Hiking the Smoke Ring Trail Around the GSMNP

“It won’t rain on me,” said Travis “Shepherd” Hall, the long-distance hiker as he descended the Smokies’ Chestnut Top Trail. Hall, who hiked the Appalachian Trail in 2000 (north to south), has made this same claim to fellow hikers who were worried about the weather. When he left a shelter, he says, they would watch in amazement as the rain stopped.

The Smoke Ring Trail (SRT) is Hall’s brainchild, an idea he began to develop seven years ago, to map a route that goes around the perimeter of the Great Smoky Mountain National Park. Hall, a hair stylist in high demand who works out of Hairpeace in Knoxville, didn’t get a chance to do the 260-mile long trek until last April.
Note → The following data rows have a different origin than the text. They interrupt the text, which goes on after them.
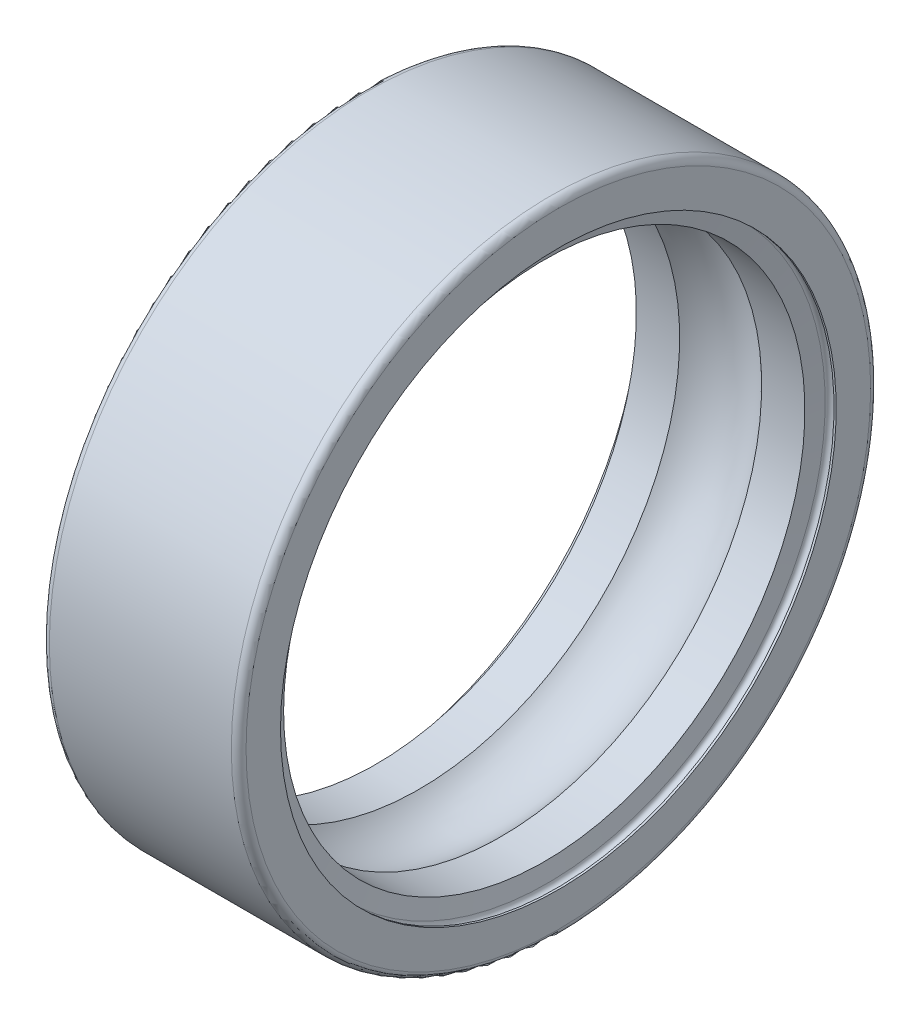
from build123d import *


with BuildPart() as part:
    # Sketch1 → Revolve1 (revolve)
    with BuildSketch(Plane.XY, mode=Mode.PRIVATE) as revolve1_sk:
        with BuildLine():
            Line((0, 11.3), (0.09, 11.3))
            ThreePointArc((0.09, 11.3), (0.27, 11.48), (0.45, 11.3))
            Line((0.45, 11.3), (0.573428886, 10.6))
            Line((0.573428886, 10.6), (2.332918418, 10.6))
            ThreePointArc((2.332918418, 10.6), (4, 11.281), (5.667081582, 10.6))
            Line((5.667081582, 10.6), (7.426571114, 10.6))
            Line((7.426571114, 10.6), (7.55, 11.3))
            ThreePointArc((7.55, 11.3), (7.73, 11.48), (7.91, 11.3))
            Line((7.91, 11.3), (8, 11.3))
            Line((8, 11.3), (8, 12.7))
            ThreePointArc((8, 12.7), (7.912132034, 12.912132034), (7.7, 13))
            Line((7.7, 13), (0.3, 13))
            ThreePointArc((0.3, 13), (0.087867966, 12.912132034), (0, 12.7))
            Line((0, 12.7), (0, 11.3))
        make_face()
    revolve(revolve1_sk.sketch.rotate(Axis((50, 0, 0), (-1, 0, 0)), 270), axis=Axis((50, 0, 0), (-1, 0, 0)))


solid = part.part
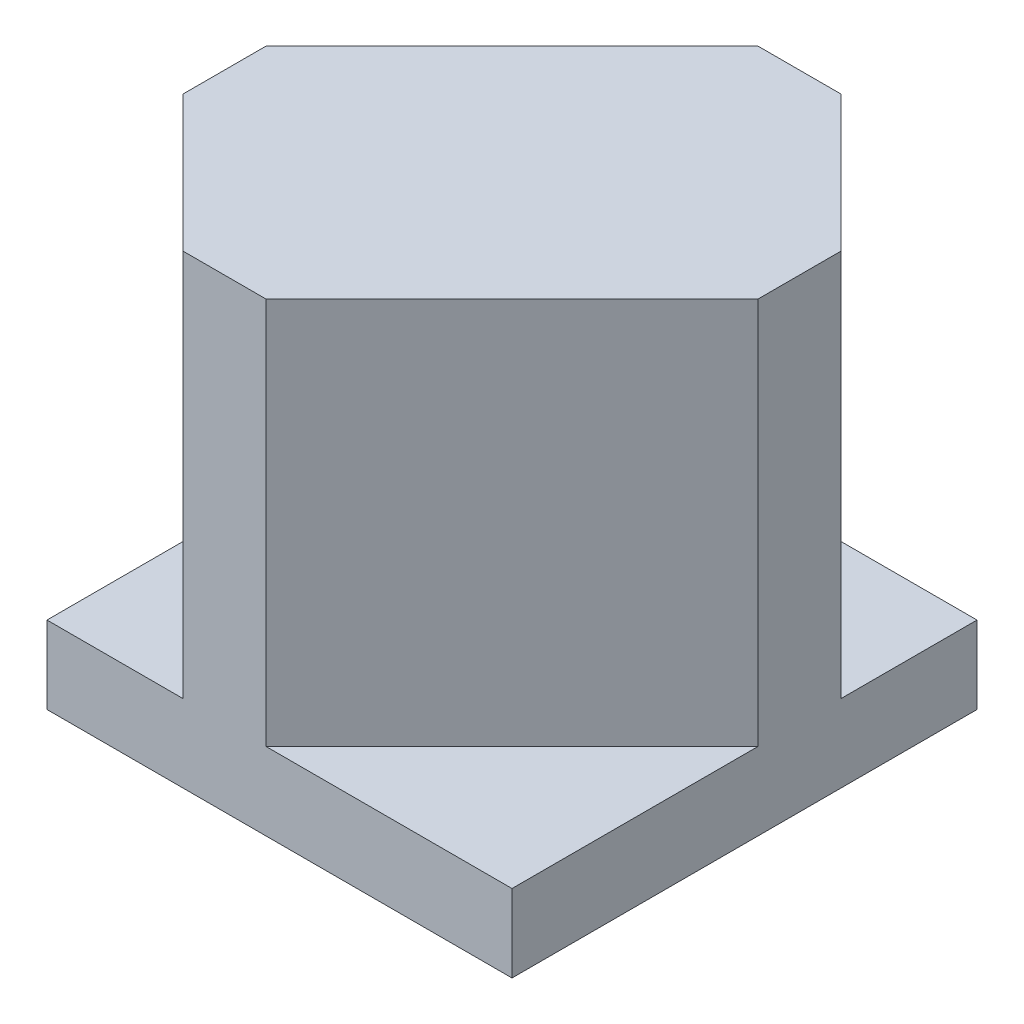
from build123d import *

# Parameters (mm, degrees)
BOSS_EXTRUDE1_DEPTH = 60
BOSS_EXTRUDE2_DEPTH = 10


with BuildPart() as part:
    # Sketch1 → Boss-Extrude1 (new body)
    with BuildSketch(Plane(origin=(0, 0, 0), x_dir=(1, 0, 0), z_dir=(0, 1, 0))):
        Polygon((-30, -12.426406871), (-12.426406871, -30), (-1.715728753, -30), (30, 1.715728753), (30, 12.426406871), (12.426406871, 30), (1.715728753, 30), (-30, -1.715728753), align=None)
    extrude(amount=BOSS_EXTRUDE1_DEPTH)

    # Sketch1<3> → Boss-Extrude2 (add)
    with BuildSketch(Plane(origin=(0, 0, 0), x_dir=(1, 0, 0), z_dir=(0, 1, 0))):
        Polygon((-30, -12.426406871), (-30, -30), (-12.426406871, -30), align=None)
        Polygon((30, 1.715728753), (-1.715728753, -30), (30, -30), align=None)
        Polygon((-30, 30), (-30, -1.715728753), (1.715728753, 30), align=None)
        Polygon((12.426406871, 30), (30, 12.426406871), (30, 30), align=None)
    extrude(amount=BOSS_EXTRUDE2_DEPTH)


solid = part.part
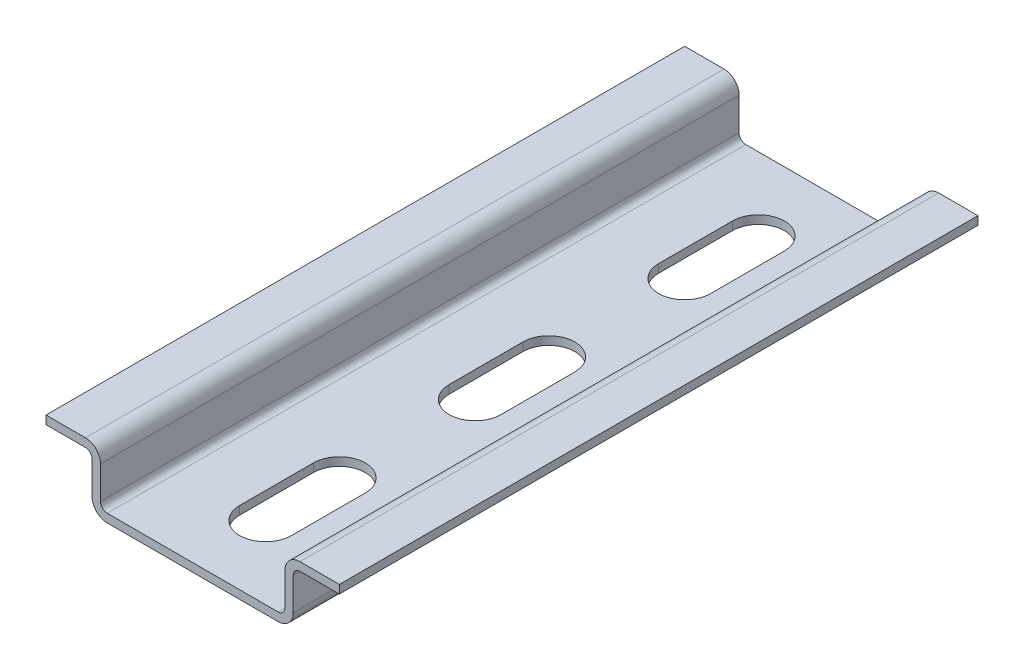
from build123d import *

# Parameters (mm, degrees)
BASE_EXTRUDE_THIN_DEPTH = 254
FILLET1_R               = 0.8
FILLET2_R               = 1.8
CUT_EXTRUDE1_DEPTH      = 255.685099682
LPATTERN1_COUNT         = 10
LPATTERN1_PITCH         = 25
MIRROR1_COPY_1_DEPTH    = 255.685099682
MIRROR1_COPY_2_DEPTH    = 255.685099682
MIRROR1_COPY_3_DEPTH    = 255.685099682
MIRROR1_COPY_4_DEPTH    = 255.685099682
MIRROR1_COPY_5_DEPTH    = 255.685099682
MIRROR1_COPY_6_DEPTH    = 255.685099682
MIRROR1_COPY_7_DEPTH    = 255.685099682
MIRROR1_COPY_8_DEPTH    = 255.685099682
MIRROR1_COPY_9_DEPTH    = 255.685099682
MIRROR1_COPY_10_DEPTH   = 255.685099682
SKETCH3_OUTSIDE_W       = 138.852
SKETCH3_OUTSIDE_H       = 611.852
SKETCH3_OUTSIDE_W_2     = 99.454563768
SKETCH3_OUTSIDE_H_2     = 76.2
CUT_EXTRUDE2_3_DEPTH    = 255.712583121


with BuildPart() as part:
    # Sketch1 → Base-Extrude-Thin (new, symmetric)
    with BuildSketch(Plane.XY):
        Polygon((-17.5, 6.5), (-12, 6.5), (-12, 0), (12, 0), (12, 6.5), (17.5, 6.5), (17.5, 7.5), (11, 7.5), (11, 1), (-11, 1), (-11, 7.5), (-17.5, 7.5), align=None)
    extrude(amount=BASE_EXTRUDE_THIN_DEPTH, both=True)

    # Fillet1
    fillet1_edges = [part.edges().sort_by_distance(p)[0] for p in [
        (-11, 1, 0),
        (11, 1, 0),
        (12, 6.5, 0),
        (-12, 6.5, 0),
    ]]
    fillet(fillet1_edges, radius=FILLET1_R)

    # Fillet2
    fillet2_edges = [part.edges().sort_by_distance(p)[0] for p in [
        (-11, 7.5, 0),
        (11, 7.5, 0),
        (12, 0, 0),
        (-12, 0, 0),
    ]]
    fillet(fillet2_edges, radius=FILLET2_R)

    # Sketch2 → Cut-Extrude1 (cut, through all)
    with BuildSketch(Plane(origin=(0, 1, 0), x_dir=(-1, 0, 0), z_dir=(0, 1, 0))):
        with BuildLine():
            Line((3.1, 4.4), (3.1, -4.4))
            ThreePointArc((3.1, -4.4), (0, -7.5), (-3.1, -4.4))
            Line((-3.1, -4.4), (-3.1, 4.4))
            ThreePointArc((-3.1, 4.4), (0, 7.5), (3.1, 4.4))
        make_face()
    cut_extrude1 = extrude(amount=-CUT_EXTRUDE1_DEPTH, mode=Mode.SUBTRACT)

    # LPattern1: Cut-Extrude1 ×10
    with Locations(*[(0, 0, -i * LPATTERN1_PITCH) for i in range(1, LPATTERN1_COUNT)]):
        add(cut_extrude1, mode=Mode.SUBTRACT)

    # Mirror1 copy 1 sketch → Mirror1 copy 1 (cut, through all)
    with BuildSketch(Plane(origin=(0, 1, 25), x_dir=(-1, 0, 0), z_dir=(0, 1, 0))):
        with BuildLine():
            Line((3.1, -4.4), (3.1, 4.4))
            ThreePointArc((3.1, 4.4), (0, 7.5), (-3.1, 4.4))
            Line((-3.1, 4.4), (-3.1, -4.4))
            ThreePointArc((-3.1, -4.4), (0, -7.5), (3.1, -4.4))
        make_face()
    extrude(amount=-MIRROR1_COPY_1_DEPTH, mode=Mode.SUBTRACT)

    # Mirror1 copy 2 sketch → Mirror1 copy 2 (cut, through all)
    with BuildSketch(Plane(origin=(0, 1, 50), x_dir=(-1, 0, 0), z_dir=(0, 1, 0))):
        with BuildLine():
            Line((3.1, -4.4), (3.1, 4.4))
            ThreePointArc((3.1, 4.4), (0, 7.5), (-3.1, 4.4))
            Line((-3.1, 4.4), (-3.1, -4.4))
            ThreePointArc((-3.1, -4.4), (0, -7.5), (3.1, -4.4))
        make_face()
    extrude(amount=-MIRROR1_COPY_2_DEPTH, mode=Mode.SUBTRACT)

    # Mirror1 copy 3 sketch → Mirror1 copy 3 (cut, through all)
    with BuildSketch(Plane(origin=(0, 1, 75), x_dir=(-1, 0, 0), z_dir=(0, 1, 0))):
        with BuildLine():
            Line((3.1, -4.4), (3.1, 4.4))
            ThreePointArc((3.1, 4.4), (0, 7.5), (-3.1, 4.4))
            Line((-3.1, 4.4), (-3.1, -4.4))
            ThreePointArc((-3.1, -4.4), (0, -7.5), (3.1, -4.4))
        make_face()
    extrude(amount=-MIRROR1_COPY_3_DEPTH, mode=Mode.SUBTRACT)

    # Mirror1 copy 4 sketch → Mirror1 copy 4 (cut, through all)
    with BuildSketch(Plane(origin=(0, 1, 100), x_dir=(-1, 0, 0), z_dir=(0, 1, 0))):
        with BuildLine():
            Line((3.1, -4.4), (3.1, 4.4))
            ThreePointArc((3.1, 4.4), (0, 7.5), (-3.1, 4.4))
            Line((-3.1, 4.4), (-3.1, -4.4))
            ThreePointArc((-3.1, -4.4), (0, -7.5), (3.1, -4.4))
        make_face()
    extrude(amount=-MIRROR1_COPY_4_DEPTH, mode=Mode.SUBTRACT)

    # Mirror1 copy 5 sketch → Mirror1 copy 5 (cut, through all)
    with BuildSketch(Plane(origin=(0, 1, 125), x_dir=(-1, 0, 0), z_dir=(0, 1, 0))):
        with BuildLine():
            Line((3.1, -4.4), (3.1, 4.4))
            ThreePointArc((3.1, 4.4), (0, 7.5), (-3.1, 4.4))
            Line((-3.1, 4.4), (-3.1, -4.4))
            ThreePointArc((-3.1, -4.4), (0, -7.5), (3.1, -4.4))
        make_face()
    extrude(amount=-MIRROR1_COPY_5_DEPTH, mode=Mode.SUBTRACT)

    # Mirror1 copy 6 sketch → Mirror1 copy 6 (cut, through all)
    with BuildSketch(Plane(origin=(0, 1, 150), x_dir=(-1, 0, 0), z_dir=(0, 1, 0))):
        with BuildLine():
            Line((3.1, -4.4), (3.1, 4.4))
            ThreePointArc((3.1, 4.4), (0, 7.5), (-3.1, 4.4))
            Line((-3.1, 4.4), (-3.1, -4.4))
            ThreePointArc((-3.1, -4.4), (0, -7.5), (3.1, -4.4))
        make_face()
    extrude(amount=-MIRROR1_COPY_6_DEPTH, mode=Mode.SUBTRACT)

    # Mirror1 copy 7 sketch → Mirror1 copy 7 (cut, through all)
    with BuildSketch(Plane(origin=(0, 1, 175), x_dir=(-1, 0, 0), z_dir=(0, 1, 0))):
        with BuildLine():
            Line((3.1, -4.4), (3.1, 4.4))
            ThreePointArc((3.1, 4.4), (0, 7.5), (-3.1, 4.4))
            Line((-3.1, 4.4), (-3.1, -4.4))
            ThreePointArc((-3.1, -4.4), (0, -7.5), (3.1, -4.4))
        make_face()
    extrude(amount=-MIRROR1_COPY_7_DEPTH, mode=Mode.SUBTRACT)

    # Mirror1 copy 8 sketch → Mirror1 copy 8 (cut, through all)
    with BuildSketch(Plane(origin=(0, 1, 200), x_dir=(-1, 0, 0), z_dir=(0, 1, 0))):
        with BuildLine():
            Line((3.1, -4.4), (3.1, 4.4))
            ThreePointArc((3.1, 4.4), (0, 7.5), (-3.1, 4.4))
            Line((-3.1, 4.4), (-3.1, -4.4))
            ThreePointArc((-3.1, -4.4), (0, -7.5), (3.1, -4.4))
        make_face()
    extrude(amount=-MIRROR1_COPY_8_DEPTH, mode=Mode.SUBTRACT)

    # Mirror1 copy 9 sketch → Mirror1 copy 9 (cut, through all)
    with BuildSketch(Plane(origin=(0, 1, 225), x_dir=(-1, 0, 0), z_dir=(0, 1, 0))):
        with BuildLine():
            Line((3.1, -4.4), (3.1, 4.4))
            ThreePointArc((3.1, 4.4), (0, 7.5), (-3.1, 4.4))
            Line((-3.1, 4.4), (-3.1, -4.4))
            ThreePointArc((-3.1, -4.4), (0, -7.5), (3.1, -4.4))
        make_face()
    extrude(amount=-MIRROR1_COPY_9_DEPTH, mode=Mode.SUBTRACT)

    # Mirror1 copy 10 sketch → Mirror1 copy 10 (cut, through all)
    with BuildSketch(Plane(origin=(0, 1, 0), x_dir=(-1, 0, 0), z_dir=(0, 1, 0))):
        with BuildLine():
            Line((3.1, -4.4), (3.1, 4.4))
            ThreePointArc((3.1, 4.4), (0, 7.5), (-3.1, 4.4))
            Line((-3.1, 4.4), (-3.1, -4.4))
            ThreePointArc((-3.1, -4.4), (0, -7.5), (3.1, -4.4))
        make_face()
    extrude(amount=-MIRROR1_COPY_10_DEPTH, mode=Mode.SUBTRACT)

    # Sketch3 outside → Cut-Extrude2 (3") (cut, through all)
    with BuildSketch(Plane(origin=(0, 7.5, 0), x_dir=(-1, 0, 0), z_dir=(0, 1, 0))):
        Rectangle(SKETCH3_OUTSIDE_W, SKETCH3_OUTSIDE_H)
        with Locations((-1.499324946, 0)):
            Rectangle(SKETCH3_OUTSIDE_W_2, SKETCH3_OUTSIDE_H_2, mode=Mode.SUBTRACT)
    extrude(amount=-CUT_EXTRUDE2_3_DEPTH, mode=Mode.SUBTRACT)


solid = part.part

He started on Chestnut Top on April 2, and on April 23 he descended Roundtop Trail and waded across the Little River, his finish line, to complete the circle.

The SRT uses parts of 51 official park trails and a couple of stretches of roads. Hall recommends the park’s $1 trail map for hikers to make sure they turn the right way at trail junctions.

Many people want to hike the AT but can’t get away for six months, he says. The SRT gives you the same biodiversity, scenery, and immersive trail magic as the AT, but you can do it in three weeks, and there are multiple access points where you can see loved ones or go into town or quit, if you have to.